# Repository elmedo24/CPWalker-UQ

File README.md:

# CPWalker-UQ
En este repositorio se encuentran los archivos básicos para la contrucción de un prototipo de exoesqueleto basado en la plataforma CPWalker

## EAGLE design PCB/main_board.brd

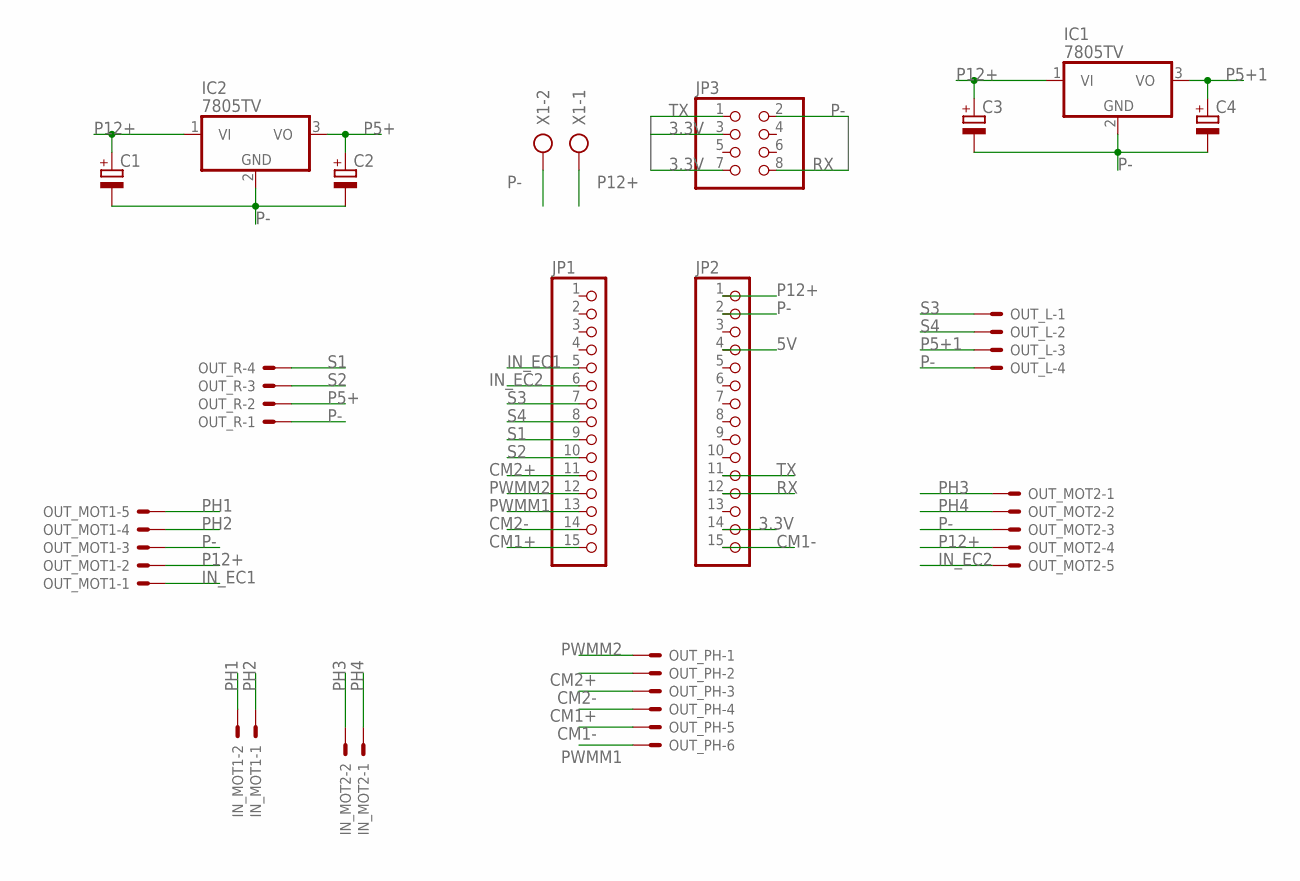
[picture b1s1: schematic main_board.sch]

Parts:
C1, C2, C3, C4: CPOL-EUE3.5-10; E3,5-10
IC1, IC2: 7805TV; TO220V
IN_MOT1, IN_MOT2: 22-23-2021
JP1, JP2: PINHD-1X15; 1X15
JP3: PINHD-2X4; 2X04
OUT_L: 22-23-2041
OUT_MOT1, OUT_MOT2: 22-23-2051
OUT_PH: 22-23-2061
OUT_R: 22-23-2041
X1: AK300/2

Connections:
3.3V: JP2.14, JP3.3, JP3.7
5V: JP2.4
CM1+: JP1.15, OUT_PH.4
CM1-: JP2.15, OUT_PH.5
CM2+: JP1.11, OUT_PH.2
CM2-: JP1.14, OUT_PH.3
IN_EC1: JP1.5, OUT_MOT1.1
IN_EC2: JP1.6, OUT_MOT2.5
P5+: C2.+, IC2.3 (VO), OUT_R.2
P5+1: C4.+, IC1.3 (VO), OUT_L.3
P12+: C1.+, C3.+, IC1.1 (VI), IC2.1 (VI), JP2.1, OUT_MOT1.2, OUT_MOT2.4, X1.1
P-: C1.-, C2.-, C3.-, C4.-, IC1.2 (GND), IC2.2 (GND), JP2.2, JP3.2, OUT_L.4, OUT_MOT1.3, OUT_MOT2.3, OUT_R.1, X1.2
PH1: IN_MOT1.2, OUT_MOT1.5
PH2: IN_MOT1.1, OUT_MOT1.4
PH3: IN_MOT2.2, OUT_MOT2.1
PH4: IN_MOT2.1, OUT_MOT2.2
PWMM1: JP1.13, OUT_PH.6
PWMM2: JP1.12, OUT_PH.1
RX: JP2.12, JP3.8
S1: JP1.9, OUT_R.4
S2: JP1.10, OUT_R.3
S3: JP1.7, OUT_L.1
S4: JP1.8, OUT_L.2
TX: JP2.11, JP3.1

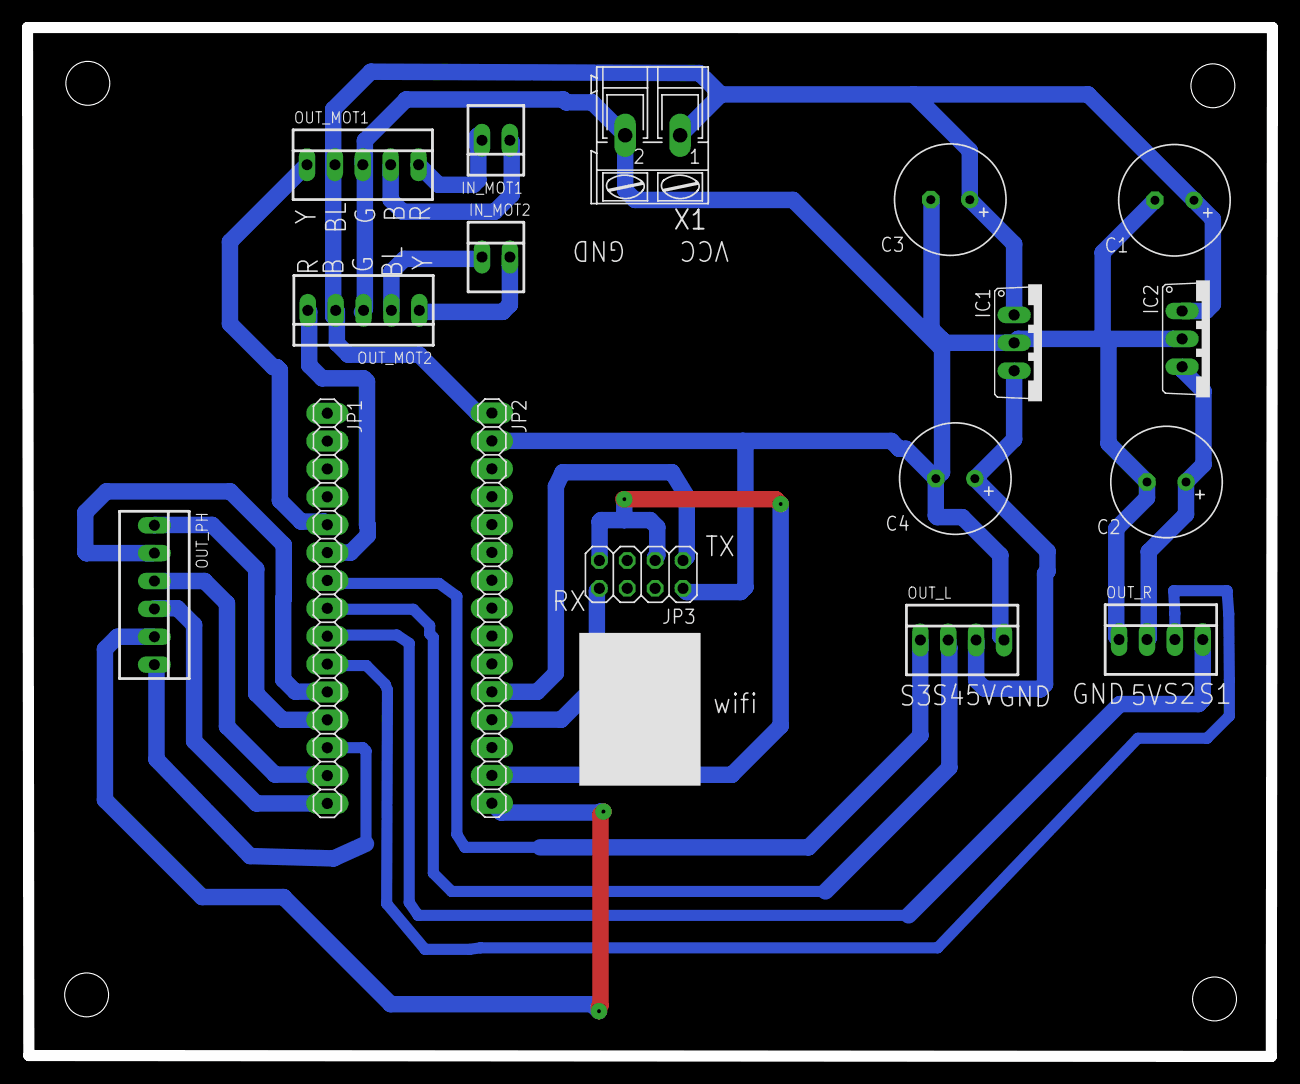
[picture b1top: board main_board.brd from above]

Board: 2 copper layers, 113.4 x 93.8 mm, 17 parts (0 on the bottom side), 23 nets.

◇ ◇ ◇ ◇ ◇

### [Instructions for the task]
Whichever lines of the material hold the word "picture", find and copy them.

### [Answer space]
[picture b1s1: schematic main_board.sch]
[picture b1top: board main_board.brd from above]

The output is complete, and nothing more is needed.